(Dataset records)
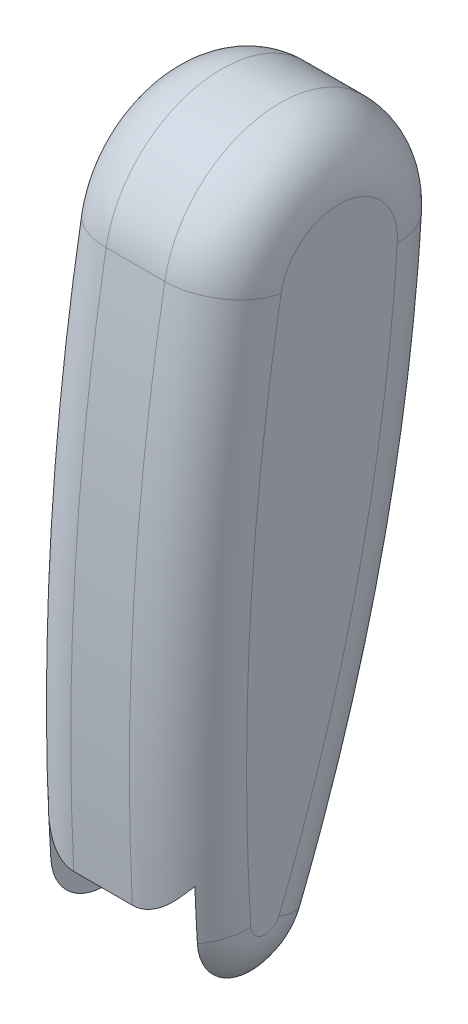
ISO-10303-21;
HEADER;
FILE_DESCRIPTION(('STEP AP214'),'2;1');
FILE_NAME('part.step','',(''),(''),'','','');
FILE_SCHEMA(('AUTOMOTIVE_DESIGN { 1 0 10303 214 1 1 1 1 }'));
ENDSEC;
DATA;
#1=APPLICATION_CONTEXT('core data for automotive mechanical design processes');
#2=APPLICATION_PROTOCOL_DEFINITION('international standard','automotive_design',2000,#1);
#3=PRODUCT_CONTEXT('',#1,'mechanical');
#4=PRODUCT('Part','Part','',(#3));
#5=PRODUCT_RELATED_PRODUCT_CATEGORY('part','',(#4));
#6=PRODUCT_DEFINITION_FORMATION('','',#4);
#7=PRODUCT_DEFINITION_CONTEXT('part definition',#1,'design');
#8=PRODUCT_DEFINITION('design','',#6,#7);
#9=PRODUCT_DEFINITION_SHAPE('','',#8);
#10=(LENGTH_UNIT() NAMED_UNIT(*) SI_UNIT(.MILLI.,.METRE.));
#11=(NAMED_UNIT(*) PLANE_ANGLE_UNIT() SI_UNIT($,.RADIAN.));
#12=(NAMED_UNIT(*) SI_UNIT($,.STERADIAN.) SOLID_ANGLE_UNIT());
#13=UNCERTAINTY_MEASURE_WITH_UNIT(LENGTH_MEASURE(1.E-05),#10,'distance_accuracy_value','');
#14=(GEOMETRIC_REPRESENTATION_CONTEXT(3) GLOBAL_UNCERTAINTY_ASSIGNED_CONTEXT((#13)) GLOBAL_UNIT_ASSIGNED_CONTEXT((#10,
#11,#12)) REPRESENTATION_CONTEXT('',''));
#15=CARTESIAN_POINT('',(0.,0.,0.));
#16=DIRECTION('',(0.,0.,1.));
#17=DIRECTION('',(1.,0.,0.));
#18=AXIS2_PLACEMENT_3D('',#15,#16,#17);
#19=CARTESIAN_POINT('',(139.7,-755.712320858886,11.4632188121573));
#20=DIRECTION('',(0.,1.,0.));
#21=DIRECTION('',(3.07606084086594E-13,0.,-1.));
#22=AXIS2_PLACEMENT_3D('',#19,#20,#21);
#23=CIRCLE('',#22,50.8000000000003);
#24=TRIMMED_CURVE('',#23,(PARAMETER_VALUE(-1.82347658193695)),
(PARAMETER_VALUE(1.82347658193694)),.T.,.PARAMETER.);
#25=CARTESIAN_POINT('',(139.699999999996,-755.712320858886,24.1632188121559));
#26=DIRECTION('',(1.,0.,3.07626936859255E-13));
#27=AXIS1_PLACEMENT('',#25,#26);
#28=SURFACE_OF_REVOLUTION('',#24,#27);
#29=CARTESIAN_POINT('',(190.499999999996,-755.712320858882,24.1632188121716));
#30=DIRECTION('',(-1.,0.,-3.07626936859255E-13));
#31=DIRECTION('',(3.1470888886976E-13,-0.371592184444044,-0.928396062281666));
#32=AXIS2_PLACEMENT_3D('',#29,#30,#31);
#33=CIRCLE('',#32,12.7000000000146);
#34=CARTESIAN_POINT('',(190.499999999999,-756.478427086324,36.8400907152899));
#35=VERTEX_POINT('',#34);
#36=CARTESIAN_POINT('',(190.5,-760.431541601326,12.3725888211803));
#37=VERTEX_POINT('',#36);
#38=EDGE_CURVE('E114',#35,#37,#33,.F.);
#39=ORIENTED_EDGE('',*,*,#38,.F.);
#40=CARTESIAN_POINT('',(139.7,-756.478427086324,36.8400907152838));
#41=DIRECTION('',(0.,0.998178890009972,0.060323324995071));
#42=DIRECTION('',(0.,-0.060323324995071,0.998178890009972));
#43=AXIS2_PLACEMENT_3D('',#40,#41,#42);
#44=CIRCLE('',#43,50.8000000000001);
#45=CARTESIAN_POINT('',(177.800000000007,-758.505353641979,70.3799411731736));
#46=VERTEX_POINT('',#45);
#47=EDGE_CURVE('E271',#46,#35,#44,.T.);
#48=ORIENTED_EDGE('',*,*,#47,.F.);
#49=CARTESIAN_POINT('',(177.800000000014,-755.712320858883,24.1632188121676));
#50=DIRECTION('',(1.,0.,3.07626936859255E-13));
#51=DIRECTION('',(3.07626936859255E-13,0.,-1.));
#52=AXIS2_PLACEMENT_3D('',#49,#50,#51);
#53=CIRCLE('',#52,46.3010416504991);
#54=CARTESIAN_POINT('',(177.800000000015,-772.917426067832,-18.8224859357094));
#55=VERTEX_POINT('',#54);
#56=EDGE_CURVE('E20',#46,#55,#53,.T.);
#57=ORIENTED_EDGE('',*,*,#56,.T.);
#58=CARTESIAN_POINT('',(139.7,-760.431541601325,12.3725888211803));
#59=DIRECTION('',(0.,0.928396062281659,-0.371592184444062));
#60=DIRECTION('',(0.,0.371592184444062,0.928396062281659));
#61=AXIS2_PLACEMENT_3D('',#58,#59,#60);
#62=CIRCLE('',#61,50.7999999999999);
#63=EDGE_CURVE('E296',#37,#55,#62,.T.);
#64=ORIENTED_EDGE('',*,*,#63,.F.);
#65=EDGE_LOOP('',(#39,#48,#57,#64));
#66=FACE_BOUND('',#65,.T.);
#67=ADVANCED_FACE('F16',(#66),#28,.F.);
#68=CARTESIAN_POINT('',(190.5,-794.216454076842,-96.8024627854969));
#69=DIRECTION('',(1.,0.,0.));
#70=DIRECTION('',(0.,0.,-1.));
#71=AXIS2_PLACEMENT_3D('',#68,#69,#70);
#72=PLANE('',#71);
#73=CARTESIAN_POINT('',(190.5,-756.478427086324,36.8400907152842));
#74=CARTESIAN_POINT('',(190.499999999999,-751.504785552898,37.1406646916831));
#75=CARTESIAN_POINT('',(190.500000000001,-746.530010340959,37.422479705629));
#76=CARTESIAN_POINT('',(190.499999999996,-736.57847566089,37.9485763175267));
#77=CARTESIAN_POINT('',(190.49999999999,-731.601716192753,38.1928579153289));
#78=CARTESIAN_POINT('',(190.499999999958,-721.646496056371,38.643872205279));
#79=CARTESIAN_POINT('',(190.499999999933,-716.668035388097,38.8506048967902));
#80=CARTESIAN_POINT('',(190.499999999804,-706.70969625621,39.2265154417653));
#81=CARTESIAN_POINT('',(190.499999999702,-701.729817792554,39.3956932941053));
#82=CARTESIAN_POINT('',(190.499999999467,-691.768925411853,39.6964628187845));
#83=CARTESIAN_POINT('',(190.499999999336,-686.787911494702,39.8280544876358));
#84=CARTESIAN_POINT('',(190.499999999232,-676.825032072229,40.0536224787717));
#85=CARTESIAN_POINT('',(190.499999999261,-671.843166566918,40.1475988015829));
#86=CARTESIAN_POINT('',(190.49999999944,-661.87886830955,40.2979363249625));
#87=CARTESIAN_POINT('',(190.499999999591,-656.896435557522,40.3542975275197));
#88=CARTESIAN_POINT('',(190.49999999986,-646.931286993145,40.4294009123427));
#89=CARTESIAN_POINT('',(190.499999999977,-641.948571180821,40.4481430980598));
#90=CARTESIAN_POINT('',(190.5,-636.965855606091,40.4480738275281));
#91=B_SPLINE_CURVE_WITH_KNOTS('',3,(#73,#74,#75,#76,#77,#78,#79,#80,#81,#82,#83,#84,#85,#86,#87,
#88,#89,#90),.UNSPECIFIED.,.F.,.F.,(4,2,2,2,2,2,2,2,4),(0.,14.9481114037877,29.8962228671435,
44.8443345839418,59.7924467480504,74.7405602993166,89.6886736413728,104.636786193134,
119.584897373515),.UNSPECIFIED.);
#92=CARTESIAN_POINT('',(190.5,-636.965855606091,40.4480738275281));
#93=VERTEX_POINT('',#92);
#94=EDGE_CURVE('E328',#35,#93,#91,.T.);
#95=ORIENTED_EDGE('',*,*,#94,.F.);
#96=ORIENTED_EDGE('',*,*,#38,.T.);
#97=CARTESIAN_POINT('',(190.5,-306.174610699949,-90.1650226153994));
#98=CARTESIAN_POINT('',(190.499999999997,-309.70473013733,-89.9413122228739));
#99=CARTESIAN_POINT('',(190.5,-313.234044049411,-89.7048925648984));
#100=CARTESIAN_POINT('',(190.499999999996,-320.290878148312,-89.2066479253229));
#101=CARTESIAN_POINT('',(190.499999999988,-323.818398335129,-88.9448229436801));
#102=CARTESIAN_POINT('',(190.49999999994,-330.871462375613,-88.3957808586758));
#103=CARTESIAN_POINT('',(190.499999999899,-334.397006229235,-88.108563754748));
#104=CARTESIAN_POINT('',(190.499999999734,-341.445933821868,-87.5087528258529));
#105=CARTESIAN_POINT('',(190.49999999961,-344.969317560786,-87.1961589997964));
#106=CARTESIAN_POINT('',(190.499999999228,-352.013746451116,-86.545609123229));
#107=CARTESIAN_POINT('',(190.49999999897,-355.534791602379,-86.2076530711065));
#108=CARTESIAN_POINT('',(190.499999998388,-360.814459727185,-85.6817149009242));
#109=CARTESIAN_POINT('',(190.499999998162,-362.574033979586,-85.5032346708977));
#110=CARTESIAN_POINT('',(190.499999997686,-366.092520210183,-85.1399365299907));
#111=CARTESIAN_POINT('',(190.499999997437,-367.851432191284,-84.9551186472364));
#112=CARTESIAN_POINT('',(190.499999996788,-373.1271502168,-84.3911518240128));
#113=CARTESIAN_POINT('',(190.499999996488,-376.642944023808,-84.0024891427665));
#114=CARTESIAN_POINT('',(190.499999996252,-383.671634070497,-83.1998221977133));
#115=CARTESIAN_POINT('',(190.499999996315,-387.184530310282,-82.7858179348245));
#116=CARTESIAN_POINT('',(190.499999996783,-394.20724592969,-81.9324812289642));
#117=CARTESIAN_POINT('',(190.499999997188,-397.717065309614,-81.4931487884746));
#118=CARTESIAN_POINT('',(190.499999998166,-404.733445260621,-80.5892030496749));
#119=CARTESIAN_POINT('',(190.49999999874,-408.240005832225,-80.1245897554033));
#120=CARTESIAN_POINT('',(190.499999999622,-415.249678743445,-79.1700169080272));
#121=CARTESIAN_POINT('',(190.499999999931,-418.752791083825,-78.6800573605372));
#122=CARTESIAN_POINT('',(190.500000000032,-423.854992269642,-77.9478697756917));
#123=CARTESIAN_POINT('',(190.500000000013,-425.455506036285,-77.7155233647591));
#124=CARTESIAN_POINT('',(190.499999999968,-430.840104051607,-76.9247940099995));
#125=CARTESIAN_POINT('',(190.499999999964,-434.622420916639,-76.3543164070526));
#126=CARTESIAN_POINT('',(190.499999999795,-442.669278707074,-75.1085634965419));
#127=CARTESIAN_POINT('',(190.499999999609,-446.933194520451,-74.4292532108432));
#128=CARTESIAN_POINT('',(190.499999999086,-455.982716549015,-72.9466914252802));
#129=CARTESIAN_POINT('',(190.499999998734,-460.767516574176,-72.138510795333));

* EXERCISE GOAL
Every line above that holds "mechanical" should be copied out.

* FINISHED EXERCISE
#1=APPLICATION_CONTEXT('core data for automotive mechanical design processes');
#3=PRODUCT_CONTEXT('',#1,'mechanical');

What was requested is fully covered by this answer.